• **Work required**: Keeping every word the same, return the listing from its first line until the line holding "Length unit declared in the file: millimetre" has been returned as well.

• **Provided records**:
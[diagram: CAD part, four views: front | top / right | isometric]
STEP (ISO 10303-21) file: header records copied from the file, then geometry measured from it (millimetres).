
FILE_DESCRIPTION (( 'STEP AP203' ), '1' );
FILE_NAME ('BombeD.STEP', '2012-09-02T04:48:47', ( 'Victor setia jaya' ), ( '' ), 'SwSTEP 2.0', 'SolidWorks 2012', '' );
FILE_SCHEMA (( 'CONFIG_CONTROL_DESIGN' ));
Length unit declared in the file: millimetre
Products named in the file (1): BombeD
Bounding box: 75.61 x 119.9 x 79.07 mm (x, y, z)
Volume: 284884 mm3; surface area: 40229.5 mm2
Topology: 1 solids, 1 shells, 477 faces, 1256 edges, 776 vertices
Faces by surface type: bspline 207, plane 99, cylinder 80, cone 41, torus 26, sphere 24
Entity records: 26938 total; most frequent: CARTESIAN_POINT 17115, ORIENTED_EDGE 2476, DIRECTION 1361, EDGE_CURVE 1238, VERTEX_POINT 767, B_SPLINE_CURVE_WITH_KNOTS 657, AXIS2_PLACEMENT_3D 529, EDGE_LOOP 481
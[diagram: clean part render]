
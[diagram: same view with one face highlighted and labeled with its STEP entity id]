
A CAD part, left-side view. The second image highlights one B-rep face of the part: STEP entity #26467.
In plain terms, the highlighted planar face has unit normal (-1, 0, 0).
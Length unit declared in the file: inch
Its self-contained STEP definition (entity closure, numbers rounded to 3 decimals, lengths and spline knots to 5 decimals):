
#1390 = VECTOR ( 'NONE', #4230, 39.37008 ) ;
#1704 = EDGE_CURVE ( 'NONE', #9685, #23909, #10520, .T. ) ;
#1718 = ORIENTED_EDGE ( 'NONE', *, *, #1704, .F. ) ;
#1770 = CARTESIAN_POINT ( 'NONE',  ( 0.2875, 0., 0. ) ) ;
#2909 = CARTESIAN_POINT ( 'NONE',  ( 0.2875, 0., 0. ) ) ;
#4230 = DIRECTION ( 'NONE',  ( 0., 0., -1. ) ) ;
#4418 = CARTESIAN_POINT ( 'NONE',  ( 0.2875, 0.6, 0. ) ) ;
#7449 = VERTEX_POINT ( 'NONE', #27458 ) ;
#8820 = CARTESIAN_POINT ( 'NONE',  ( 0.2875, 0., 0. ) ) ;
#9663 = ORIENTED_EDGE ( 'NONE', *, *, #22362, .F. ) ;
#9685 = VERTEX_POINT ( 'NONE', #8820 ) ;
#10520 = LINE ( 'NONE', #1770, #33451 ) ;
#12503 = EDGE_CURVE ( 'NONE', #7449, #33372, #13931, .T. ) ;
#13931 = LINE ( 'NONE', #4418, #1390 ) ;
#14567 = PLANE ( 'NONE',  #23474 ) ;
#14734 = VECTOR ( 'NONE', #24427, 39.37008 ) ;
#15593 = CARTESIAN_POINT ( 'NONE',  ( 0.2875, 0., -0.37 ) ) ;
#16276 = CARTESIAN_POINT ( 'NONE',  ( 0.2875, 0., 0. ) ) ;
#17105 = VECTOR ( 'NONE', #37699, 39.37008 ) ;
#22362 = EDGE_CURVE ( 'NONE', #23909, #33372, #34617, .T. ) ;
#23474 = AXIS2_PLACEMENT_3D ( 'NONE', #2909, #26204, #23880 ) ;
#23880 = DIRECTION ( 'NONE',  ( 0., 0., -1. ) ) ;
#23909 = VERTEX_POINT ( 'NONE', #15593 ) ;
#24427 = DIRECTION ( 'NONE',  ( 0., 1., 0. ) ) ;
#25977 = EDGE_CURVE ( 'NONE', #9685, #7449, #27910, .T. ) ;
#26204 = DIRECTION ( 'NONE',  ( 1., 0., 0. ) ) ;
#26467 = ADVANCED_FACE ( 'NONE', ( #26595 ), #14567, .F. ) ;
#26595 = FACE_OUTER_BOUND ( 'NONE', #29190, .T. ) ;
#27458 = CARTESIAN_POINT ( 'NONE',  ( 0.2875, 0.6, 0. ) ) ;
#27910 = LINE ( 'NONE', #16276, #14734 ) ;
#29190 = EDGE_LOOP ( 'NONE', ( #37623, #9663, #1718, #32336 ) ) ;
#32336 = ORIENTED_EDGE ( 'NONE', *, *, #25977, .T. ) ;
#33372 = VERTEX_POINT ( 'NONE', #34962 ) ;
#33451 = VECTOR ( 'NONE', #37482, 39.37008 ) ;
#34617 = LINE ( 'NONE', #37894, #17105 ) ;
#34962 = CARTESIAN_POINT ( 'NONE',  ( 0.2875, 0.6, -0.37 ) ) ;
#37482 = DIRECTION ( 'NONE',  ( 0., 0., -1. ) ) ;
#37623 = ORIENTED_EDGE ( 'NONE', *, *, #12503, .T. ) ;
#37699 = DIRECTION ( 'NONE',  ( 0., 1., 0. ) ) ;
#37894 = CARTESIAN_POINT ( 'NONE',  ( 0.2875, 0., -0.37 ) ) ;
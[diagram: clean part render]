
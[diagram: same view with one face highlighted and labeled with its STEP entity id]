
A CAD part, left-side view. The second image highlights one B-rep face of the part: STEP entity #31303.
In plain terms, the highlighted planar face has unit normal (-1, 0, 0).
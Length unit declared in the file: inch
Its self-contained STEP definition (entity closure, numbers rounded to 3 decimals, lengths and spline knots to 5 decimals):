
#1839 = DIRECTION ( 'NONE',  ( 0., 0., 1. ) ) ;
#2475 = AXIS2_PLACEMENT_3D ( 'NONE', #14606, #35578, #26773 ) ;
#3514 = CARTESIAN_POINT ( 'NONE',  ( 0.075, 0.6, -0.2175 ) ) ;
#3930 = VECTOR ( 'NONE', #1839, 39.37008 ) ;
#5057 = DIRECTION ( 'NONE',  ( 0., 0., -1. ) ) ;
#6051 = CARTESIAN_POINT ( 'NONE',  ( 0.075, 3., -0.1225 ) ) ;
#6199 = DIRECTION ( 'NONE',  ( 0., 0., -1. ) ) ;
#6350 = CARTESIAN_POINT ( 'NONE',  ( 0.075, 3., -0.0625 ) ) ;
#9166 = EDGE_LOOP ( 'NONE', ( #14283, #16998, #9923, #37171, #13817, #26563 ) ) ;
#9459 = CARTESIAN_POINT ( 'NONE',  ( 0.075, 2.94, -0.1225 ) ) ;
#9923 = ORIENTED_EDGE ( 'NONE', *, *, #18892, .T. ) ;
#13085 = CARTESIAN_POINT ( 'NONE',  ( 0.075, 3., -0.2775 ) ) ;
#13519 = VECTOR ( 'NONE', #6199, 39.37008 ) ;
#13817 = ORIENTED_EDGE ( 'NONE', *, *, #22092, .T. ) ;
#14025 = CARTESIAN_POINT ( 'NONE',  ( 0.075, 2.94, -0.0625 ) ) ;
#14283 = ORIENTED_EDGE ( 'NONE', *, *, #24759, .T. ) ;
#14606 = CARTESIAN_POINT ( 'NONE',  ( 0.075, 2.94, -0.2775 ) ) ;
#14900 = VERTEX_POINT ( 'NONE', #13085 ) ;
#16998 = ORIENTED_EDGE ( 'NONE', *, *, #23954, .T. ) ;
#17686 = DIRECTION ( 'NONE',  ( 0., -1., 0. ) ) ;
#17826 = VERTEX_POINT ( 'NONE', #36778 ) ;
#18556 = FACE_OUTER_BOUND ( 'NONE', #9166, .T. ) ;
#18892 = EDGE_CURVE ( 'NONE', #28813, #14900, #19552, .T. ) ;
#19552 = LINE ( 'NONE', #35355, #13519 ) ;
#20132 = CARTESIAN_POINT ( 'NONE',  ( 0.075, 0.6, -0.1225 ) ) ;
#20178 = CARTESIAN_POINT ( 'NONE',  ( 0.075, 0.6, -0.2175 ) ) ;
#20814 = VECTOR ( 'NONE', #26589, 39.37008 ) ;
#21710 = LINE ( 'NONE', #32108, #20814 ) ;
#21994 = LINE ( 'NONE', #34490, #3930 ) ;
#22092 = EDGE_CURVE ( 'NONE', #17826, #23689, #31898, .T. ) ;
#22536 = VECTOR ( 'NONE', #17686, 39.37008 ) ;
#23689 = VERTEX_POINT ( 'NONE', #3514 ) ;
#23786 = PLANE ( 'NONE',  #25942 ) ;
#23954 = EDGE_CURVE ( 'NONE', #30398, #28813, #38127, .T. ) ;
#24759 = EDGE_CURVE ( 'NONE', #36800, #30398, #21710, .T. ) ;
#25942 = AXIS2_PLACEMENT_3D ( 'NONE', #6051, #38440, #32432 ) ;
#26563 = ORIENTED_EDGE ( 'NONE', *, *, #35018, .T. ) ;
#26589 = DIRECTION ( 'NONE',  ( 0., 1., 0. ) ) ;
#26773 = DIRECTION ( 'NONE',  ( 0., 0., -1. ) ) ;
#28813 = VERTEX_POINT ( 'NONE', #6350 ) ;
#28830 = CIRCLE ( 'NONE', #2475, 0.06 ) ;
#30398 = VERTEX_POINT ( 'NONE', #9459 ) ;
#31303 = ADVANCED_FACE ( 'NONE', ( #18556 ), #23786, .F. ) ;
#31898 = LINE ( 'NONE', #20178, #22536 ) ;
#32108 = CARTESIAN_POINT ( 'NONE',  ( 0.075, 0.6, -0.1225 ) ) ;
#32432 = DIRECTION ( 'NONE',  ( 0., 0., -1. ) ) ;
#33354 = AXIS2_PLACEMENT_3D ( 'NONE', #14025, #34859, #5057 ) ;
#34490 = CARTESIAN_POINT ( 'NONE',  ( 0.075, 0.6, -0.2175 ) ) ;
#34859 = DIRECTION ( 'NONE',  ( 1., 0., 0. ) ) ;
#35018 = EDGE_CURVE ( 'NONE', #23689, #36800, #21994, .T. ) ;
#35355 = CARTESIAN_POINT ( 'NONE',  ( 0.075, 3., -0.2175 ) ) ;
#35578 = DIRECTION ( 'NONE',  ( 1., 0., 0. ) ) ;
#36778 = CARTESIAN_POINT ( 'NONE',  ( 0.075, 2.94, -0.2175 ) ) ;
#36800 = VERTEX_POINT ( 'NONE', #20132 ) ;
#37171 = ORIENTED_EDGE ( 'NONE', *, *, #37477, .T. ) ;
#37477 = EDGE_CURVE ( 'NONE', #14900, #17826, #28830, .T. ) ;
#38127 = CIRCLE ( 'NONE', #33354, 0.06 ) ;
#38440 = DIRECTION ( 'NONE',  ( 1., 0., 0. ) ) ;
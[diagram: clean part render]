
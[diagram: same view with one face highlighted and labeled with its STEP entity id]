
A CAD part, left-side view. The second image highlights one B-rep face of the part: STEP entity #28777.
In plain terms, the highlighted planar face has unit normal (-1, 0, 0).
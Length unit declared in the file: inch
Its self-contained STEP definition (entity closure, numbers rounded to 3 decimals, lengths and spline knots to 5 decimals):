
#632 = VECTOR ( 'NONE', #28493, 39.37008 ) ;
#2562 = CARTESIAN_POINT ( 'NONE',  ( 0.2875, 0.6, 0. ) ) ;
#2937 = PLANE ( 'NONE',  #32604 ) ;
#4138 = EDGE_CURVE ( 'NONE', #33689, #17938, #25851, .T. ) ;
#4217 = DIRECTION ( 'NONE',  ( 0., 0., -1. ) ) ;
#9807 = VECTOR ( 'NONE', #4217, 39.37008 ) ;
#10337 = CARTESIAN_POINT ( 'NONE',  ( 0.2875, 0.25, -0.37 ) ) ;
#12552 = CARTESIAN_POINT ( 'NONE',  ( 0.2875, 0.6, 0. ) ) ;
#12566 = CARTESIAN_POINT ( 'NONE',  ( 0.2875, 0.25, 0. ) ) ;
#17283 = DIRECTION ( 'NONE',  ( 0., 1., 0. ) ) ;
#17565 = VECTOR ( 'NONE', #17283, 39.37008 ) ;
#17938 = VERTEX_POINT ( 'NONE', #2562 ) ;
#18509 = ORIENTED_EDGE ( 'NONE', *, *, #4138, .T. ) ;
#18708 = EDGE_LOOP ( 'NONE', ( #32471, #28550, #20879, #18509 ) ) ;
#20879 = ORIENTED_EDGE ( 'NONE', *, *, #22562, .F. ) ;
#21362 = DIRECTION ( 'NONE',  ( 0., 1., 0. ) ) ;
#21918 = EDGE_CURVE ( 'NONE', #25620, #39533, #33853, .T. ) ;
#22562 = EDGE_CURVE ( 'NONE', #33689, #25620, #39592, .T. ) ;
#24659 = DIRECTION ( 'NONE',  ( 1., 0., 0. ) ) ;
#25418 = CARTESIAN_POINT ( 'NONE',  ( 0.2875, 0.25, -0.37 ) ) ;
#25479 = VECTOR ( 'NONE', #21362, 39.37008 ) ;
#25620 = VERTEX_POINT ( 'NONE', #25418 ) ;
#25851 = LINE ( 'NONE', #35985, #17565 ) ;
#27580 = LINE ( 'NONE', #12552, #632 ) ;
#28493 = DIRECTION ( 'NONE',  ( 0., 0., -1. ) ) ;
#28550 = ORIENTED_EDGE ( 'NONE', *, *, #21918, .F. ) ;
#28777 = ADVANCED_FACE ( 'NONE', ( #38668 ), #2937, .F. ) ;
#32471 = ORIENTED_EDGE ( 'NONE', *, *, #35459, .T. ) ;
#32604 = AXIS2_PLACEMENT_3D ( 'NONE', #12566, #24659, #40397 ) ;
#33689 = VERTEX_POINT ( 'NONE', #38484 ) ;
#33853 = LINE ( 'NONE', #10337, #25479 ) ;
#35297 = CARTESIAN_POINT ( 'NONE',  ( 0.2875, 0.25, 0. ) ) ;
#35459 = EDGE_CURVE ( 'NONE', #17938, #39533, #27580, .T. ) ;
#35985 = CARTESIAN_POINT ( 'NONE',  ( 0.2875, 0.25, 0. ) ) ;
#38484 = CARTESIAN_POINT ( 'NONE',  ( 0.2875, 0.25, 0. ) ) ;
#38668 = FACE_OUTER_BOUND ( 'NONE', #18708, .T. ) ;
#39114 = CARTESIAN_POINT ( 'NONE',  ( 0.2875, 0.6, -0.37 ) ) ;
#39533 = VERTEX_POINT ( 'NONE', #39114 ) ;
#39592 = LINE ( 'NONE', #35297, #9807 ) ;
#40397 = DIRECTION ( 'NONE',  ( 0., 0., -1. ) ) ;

• **Response to the task**:
[diagram: CAD part, four views: front | top / right | isometric]
STEP (ISO 10303-21) file: header records copied from the file, then geometry measured from it (millimetres).
FILE_DESCRIPTION (( 'STEP AP203' ), '1' );
FILE_NAME ('BombeD.STEP', '2012-09-02T04:48:47', ( 'Victor setia jaya' ), ( '' ), 'SwSTEP 2.0', 'SolidWorks 2012', '' );
FILE_SCHEMA (( 'CONFIG_CONTROL_DESIGN' ));
Length unit declared in the file: millimetre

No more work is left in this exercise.